:: Work instruction ::
Find "#169=DIRECTION('',(1.,0.,0.));" and "#216=DIRECTION('',(0.,0.,1.));" in the records below. Copy the lines holding them and every line between, exactly, and no others.

BEGIN Provided data

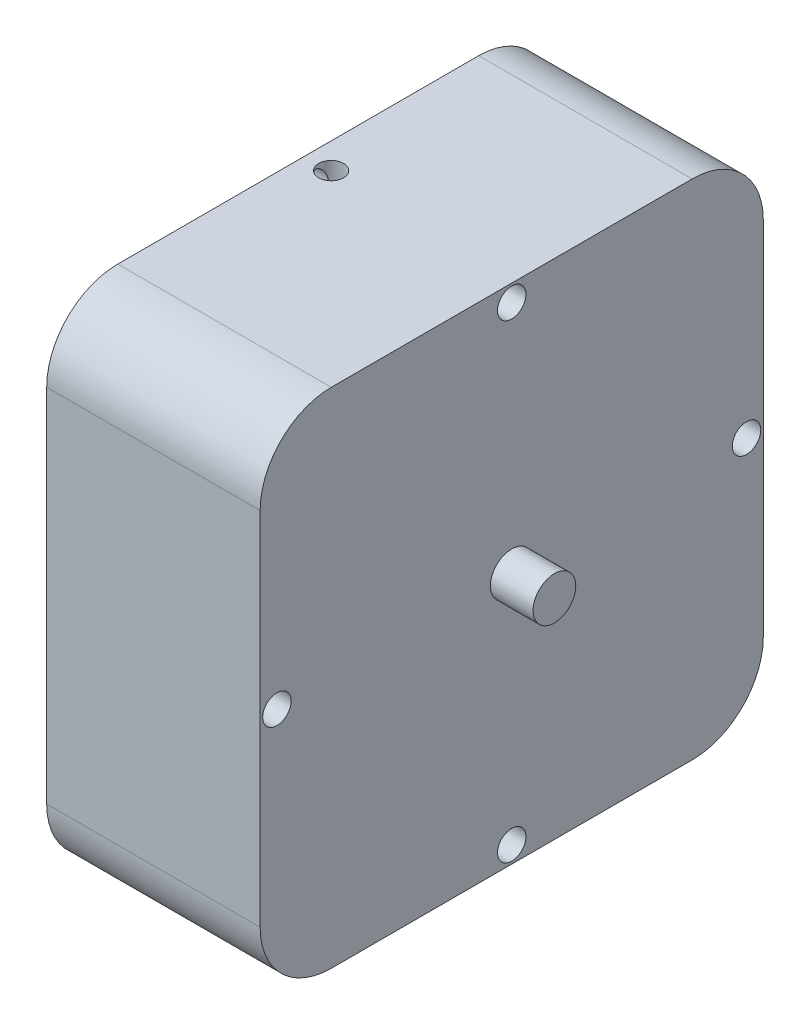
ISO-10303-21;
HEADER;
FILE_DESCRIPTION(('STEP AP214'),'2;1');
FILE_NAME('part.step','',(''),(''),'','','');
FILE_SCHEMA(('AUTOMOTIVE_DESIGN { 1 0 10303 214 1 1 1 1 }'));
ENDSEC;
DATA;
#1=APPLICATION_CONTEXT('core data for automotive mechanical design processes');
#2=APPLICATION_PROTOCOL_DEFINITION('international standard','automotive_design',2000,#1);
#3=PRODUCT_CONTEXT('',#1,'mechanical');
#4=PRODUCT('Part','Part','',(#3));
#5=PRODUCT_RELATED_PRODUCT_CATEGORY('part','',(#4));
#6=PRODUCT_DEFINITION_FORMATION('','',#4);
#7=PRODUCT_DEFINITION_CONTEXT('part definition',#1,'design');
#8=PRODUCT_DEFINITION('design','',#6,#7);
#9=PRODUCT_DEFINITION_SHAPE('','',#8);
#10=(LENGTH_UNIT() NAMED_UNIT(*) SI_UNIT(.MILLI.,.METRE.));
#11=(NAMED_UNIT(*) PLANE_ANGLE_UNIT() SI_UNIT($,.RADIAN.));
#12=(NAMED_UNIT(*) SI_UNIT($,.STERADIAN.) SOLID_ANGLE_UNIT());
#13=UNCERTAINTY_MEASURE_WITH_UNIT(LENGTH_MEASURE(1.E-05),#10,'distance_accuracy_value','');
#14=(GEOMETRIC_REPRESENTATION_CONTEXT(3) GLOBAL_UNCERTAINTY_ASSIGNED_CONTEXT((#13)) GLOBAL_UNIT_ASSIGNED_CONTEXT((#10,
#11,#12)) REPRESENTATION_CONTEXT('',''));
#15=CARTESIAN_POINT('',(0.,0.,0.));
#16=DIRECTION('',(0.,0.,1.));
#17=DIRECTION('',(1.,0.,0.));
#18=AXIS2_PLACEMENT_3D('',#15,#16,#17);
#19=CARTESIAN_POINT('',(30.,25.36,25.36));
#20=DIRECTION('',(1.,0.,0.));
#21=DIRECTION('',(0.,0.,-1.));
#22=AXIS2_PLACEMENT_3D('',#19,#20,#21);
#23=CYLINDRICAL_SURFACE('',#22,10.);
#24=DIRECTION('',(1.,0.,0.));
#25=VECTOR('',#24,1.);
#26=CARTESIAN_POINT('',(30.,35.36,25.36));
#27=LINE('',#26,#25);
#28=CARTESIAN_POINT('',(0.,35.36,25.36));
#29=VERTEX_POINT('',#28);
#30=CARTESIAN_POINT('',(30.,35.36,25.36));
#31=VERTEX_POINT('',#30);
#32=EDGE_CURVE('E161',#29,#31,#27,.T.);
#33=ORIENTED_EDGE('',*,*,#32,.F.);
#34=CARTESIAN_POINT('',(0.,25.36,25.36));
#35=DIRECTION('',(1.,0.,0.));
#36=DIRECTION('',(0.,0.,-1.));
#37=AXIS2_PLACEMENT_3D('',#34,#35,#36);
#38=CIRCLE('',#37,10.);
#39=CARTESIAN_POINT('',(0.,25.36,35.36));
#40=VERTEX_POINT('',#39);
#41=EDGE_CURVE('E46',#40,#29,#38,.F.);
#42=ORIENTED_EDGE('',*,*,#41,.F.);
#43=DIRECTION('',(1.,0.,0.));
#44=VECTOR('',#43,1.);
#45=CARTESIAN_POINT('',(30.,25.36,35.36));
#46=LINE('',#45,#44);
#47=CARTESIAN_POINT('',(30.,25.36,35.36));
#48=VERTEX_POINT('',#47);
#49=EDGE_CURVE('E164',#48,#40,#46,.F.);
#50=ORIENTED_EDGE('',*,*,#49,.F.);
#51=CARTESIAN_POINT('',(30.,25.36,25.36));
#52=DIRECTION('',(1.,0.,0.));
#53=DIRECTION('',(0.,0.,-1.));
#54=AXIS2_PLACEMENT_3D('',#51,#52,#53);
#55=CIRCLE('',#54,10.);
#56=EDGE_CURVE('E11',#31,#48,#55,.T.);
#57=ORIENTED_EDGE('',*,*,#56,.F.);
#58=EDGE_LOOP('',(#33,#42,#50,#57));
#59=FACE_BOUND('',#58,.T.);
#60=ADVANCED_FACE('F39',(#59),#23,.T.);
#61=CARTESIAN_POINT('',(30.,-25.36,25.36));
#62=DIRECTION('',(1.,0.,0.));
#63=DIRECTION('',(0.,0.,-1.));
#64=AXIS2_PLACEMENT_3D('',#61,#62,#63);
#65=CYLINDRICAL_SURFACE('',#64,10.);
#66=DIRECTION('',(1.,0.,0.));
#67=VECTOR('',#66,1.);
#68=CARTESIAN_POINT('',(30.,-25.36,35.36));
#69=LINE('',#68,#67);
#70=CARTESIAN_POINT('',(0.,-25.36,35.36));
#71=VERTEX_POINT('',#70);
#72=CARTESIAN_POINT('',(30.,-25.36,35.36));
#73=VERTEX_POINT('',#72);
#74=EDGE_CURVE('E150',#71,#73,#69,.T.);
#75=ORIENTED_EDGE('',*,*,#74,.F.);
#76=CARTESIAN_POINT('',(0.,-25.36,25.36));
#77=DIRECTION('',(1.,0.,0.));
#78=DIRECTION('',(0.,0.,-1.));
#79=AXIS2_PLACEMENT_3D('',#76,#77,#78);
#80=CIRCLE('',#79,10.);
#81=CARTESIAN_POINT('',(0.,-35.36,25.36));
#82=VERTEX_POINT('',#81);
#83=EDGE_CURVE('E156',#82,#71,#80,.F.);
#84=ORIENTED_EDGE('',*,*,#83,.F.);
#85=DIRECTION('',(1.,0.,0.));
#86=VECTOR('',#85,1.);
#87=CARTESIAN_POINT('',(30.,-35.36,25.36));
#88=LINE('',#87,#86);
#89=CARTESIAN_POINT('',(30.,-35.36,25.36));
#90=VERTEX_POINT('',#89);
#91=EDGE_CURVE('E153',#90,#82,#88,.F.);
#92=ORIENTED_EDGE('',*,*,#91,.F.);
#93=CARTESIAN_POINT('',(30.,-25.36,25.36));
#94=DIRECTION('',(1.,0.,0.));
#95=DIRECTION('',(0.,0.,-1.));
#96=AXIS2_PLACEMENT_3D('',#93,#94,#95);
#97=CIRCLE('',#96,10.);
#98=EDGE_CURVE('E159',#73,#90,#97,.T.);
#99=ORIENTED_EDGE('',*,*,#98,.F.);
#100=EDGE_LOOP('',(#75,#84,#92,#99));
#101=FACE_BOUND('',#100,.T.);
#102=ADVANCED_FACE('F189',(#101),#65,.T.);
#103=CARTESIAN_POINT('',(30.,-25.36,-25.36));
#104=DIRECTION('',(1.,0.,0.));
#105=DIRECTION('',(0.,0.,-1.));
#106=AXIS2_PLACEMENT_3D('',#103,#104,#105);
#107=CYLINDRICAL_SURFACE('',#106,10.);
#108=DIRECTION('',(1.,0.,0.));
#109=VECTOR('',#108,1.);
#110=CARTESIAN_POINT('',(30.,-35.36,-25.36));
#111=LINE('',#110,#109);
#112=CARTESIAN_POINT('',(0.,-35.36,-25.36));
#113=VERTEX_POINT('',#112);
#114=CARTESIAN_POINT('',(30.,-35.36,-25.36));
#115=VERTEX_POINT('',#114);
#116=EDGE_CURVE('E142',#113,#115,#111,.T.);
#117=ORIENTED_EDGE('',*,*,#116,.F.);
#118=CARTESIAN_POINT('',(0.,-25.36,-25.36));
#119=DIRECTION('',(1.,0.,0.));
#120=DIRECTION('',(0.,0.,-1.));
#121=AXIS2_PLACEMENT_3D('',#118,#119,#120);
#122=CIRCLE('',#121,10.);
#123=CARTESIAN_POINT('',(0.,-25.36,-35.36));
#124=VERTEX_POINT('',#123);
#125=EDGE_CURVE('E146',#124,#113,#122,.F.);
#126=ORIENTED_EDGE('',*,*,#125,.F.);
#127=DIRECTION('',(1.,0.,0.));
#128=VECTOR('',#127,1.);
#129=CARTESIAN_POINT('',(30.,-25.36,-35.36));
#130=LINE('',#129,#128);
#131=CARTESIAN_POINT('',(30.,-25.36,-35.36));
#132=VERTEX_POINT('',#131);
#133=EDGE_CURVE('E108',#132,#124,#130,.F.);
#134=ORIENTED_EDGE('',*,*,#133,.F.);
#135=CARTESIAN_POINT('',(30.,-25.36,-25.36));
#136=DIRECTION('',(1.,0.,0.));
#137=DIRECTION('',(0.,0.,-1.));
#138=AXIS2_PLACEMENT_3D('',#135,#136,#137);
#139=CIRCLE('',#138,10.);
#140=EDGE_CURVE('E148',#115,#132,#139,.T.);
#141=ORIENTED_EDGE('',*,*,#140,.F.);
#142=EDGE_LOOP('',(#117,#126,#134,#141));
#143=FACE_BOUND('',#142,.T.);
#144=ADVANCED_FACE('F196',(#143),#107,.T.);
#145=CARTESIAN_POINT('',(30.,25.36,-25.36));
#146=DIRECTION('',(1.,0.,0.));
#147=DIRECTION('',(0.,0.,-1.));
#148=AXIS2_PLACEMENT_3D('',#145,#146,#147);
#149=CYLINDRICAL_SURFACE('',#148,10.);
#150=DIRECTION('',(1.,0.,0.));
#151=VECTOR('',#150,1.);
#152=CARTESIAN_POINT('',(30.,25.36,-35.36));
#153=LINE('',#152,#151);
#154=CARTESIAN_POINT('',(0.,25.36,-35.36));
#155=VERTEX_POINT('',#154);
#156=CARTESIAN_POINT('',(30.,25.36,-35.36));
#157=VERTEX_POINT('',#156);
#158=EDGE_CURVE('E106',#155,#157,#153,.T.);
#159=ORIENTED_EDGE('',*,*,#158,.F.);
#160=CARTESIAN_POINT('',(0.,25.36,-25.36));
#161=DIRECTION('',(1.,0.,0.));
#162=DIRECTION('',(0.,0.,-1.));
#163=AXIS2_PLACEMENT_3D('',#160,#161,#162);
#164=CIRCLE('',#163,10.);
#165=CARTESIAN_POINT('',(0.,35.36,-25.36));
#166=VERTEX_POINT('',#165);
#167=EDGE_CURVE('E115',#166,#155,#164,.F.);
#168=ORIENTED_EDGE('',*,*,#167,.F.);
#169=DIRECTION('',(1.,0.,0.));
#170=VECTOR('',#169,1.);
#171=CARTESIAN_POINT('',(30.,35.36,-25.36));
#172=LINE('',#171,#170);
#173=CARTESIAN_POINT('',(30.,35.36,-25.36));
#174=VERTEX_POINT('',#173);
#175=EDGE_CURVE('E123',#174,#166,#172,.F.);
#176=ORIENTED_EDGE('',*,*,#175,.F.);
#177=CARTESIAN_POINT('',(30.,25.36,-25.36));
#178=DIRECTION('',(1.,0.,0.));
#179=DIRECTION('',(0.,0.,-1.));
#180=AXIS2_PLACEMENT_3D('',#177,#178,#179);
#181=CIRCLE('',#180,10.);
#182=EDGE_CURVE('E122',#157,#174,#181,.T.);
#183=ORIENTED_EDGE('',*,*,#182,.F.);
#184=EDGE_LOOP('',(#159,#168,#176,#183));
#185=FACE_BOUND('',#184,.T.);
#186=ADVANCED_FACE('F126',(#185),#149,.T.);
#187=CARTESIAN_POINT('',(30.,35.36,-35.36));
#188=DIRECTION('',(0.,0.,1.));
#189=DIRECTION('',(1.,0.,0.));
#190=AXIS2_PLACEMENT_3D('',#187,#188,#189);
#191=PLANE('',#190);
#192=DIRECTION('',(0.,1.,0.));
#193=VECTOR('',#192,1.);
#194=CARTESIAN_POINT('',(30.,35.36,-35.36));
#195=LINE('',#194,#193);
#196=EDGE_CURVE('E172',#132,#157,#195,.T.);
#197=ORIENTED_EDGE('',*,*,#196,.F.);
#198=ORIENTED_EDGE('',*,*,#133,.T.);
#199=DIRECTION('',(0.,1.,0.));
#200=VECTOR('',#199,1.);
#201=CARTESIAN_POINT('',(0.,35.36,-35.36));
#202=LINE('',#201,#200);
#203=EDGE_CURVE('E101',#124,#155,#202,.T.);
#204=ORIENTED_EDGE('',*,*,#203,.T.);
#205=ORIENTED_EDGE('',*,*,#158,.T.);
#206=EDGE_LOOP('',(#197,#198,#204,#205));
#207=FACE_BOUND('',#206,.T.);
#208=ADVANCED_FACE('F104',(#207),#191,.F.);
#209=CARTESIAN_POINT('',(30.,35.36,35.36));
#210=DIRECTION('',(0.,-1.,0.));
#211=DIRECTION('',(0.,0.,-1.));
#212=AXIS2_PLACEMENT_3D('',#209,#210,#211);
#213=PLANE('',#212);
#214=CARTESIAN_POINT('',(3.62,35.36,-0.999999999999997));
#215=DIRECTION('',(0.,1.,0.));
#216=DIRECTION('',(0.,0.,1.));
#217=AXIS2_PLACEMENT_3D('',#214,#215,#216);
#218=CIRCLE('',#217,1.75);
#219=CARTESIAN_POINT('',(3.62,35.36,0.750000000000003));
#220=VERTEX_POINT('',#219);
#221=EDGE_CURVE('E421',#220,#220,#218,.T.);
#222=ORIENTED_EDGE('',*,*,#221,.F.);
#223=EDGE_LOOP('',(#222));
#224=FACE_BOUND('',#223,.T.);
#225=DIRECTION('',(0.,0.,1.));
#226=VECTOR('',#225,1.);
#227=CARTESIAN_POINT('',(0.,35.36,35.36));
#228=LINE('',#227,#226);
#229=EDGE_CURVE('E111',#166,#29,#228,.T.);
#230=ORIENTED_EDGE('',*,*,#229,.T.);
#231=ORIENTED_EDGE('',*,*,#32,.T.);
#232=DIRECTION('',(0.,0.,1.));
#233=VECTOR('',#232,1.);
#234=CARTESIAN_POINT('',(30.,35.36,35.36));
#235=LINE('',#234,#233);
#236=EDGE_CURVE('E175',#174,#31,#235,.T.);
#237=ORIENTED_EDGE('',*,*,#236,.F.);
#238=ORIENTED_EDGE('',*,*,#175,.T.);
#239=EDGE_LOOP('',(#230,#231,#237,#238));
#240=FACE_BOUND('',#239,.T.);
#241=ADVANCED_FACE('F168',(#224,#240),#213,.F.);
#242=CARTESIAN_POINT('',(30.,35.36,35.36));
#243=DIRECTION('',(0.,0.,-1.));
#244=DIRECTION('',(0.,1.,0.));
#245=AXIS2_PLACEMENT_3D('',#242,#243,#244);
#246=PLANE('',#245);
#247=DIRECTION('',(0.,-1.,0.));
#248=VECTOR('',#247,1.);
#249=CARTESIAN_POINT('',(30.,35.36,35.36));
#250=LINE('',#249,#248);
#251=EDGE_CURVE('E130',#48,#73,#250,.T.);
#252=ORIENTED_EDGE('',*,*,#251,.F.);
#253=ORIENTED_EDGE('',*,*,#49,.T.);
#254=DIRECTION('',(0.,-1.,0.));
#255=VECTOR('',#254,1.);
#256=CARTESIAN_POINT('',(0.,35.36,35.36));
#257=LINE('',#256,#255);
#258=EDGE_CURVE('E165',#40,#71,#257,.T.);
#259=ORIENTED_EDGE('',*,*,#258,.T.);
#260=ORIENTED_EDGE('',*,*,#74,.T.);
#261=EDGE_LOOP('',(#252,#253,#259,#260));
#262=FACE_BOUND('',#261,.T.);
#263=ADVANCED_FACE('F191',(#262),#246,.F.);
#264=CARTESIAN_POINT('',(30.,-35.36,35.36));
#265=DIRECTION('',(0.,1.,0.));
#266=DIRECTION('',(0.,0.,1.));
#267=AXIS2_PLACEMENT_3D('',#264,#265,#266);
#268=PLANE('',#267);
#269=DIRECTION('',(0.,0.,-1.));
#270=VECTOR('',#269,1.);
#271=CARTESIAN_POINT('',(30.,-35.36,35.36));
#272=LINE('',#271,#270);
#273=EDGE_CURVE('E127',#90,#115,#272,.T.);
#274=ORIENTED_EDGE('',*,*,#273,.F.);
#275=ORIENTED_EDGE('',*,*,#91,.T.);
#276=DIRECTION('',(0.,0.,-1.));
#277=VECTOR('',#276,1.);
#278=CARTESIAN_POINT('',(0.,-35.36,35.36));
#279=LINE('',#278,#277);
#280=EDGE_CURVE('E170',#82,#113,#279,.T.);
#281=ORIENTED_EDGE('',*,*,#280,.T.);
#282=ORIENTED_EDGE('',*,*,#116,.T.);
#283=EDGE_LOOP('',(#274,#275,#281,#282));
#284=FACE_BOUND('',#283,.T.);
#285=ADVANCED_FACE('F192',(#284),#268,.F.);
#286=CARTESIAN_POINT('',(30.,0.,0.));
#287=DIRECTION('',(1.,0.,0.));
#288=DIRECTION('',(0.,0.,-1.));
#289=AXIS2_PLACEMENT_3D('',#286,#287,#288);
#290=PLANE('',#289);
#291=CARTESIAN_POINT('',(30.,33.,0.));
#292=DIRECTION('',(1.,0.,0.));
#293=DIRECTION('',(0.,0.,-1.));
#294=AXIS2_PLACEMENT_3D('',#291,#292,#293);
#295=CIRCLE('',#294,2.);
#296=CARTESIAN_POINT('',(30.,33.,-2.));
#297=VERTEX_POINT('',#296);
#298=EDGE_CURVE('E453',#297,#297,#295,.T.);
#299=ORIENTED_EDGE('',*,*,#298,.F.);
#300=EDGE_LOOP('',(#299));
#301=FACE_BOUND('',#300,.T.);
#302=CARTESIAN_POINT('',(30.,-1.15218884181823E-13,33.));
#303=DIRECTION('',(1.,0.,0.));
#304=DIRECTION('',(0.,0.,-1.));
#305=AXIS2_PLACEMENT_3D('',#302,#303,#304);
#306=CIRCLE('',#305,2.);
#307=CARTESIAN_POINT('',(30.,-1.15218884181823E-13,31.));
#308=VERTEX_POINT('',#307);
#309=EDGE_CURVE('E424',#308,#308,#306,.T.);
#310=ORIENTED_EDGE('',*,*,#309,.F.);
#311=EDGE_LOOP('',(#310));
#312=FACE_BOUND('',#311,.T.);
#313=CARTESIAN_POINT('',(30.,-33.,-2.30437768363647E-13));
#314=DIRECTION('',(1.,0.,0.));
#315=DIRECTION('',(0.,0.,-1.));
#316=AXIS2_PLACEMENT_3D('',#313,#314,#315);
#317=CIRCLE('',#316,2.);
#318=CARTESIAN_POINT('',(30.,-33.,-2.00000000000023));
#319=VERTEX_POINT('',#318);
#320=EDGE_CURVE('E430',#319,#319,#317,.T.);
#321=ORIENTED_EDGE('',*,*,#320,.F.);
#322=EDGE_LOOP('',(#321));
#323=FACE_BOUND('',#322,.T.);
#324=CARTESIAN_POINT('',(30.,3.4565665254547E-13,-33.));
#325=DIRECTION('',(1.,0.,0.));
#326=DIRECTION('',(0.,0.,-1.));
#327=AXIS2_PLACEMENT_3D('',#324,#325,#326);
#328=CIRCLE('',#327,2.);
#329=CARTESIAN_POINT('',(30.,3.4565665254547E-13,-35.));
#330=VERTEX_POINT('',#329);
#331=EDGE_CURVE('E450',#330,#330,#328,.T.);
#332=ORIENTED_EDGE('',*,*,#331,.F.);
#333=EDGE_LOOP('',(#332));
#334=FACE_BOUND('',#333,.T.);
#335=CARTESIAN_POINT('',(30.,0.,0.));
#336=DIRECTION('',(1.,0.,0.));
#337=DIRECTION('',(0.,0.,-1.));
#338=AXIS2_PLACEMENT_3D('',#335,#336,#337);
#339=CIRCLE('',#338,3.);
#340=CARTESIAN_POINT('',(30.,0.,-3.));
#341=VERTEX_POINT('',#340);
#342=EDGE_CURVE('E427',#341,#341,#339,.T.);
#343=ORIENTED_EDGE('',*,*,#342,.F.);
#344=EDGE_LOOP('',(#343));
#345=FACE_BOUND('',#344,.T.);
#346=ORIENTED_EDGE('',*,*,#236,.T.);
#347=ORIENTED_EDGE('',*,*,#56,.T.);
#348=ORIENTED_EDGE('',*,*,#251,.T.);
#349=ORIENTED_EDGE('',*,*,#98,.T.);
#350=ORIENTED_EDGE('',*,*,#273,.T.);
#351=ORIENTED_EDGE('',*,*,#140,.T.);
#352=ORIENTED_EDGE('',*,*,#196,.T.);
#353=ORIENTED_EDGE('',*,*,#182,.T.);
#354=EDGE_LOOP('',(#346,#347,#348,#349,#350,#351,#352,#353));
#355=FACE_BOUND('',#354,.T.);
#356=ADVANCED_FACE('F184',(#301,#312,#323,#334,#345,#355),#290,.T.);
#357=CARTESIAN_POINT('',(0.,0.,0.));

END Provided data

:: The answer ::
#169=DIRECTION('',(1.,0.,0.));
#170=VECTOR('',#169,1.);
#171=CARTESIAN_POINT('',(30.,35.36,-25.36));
#172=LINE('',#171,#170);
#173=CARTESIAN_POINT('',(30.,35.36,-25.36));
#174=VERTEX_POINT('',#173);
#175=EDGE_CURVE('E123',#174,#166,#172,.F.);
#176=ORIENTED_EDGE('',*,*,#175,.F.);
#177=CARTESIAN_POINT('',(30.,25.36,-25.36));
#178=DIRECTION('',(1.,0.,0.));
#179=DIRECTION('',(0.,0.,-1.));
#180=AXIS2_PLACEMENT_3D('',#177,#178,#179);
#181=CIRCLE('',#180,10.);
#182=EDGE_CURVE('E122',#157,#174,#181,.T.);
#183=ORIENTED_EDGE('',*,*,#182,.F.);
#184=EDGE_LOOP('',(#159,#168,#176,#183));
#185=FACE_BOUND('',#184,.T.);
#186=ADVANCED_FACE('F126',(#185),#149,.T.);
#187=CARTESIAN_POINT('',(30.,35.36,-35.36));
#188=DIRECTION('',(0.,0.,1.));
#189=DIRECTION('',(1.,0.,0.));
#190=AXIS2_PLACEMENT_3D('',#187,#188,#189);
#191=PLANE('',#190);
#192=DIRECTION('',(0.,1.,0.));
#193=VECTOR('',#192,1.);
#194=CARTESIAN_POINT('',(30.,35.36,-35.36));
#195=LINE('',#194,#193);
#196=EDGE_CURVE('E172',#132,#157,#195,.T.);
#197=ORIENTED_EDGE('',*,*,#196,.F.);
#198=ORIENTED_EDGE('',*,*,#133,.T.);
#199=DIRECTION('',(0.,1.,0.));
#200=VECTOR('',#199,1.);
#201=CARTESIAN_POINT('',(0.,35.36,-35.36));
#202=LINE('',#201,#200);
#203=EDGE_CURVE('E101',#124,#155,#202,.T.);
#204=ORIENTED_EDGE('',*,*,#203,.T.);
#205=ORIENTED_EDGE('',*,*,#158,.T.);
#206=EDGE_LOOP('',(#197,#198,#204,#205));
#207=FACE_BOUND('',#206,.T.);
#208=ADVANCED_FACE('F104',(#207),#191,.F.);
#209=CARTESIAN_POINT('',(30.,35.36,35.36));
#210=DIRECTION('',(0.,-1.,0.));
#211=DIRECTION('',(0.,0.,-1.));
#212=AXIS2_PLACEMENT_3D('',#209,#210,#211);
#213=PLANE('',#212);
#214=CARTESIAN_POINT('',(3.62,35.36,-0.999999999999997));
#215=DIRECTION('',(0.,1.,0.));
#216=DIRECTION('',(0.,0.,1.));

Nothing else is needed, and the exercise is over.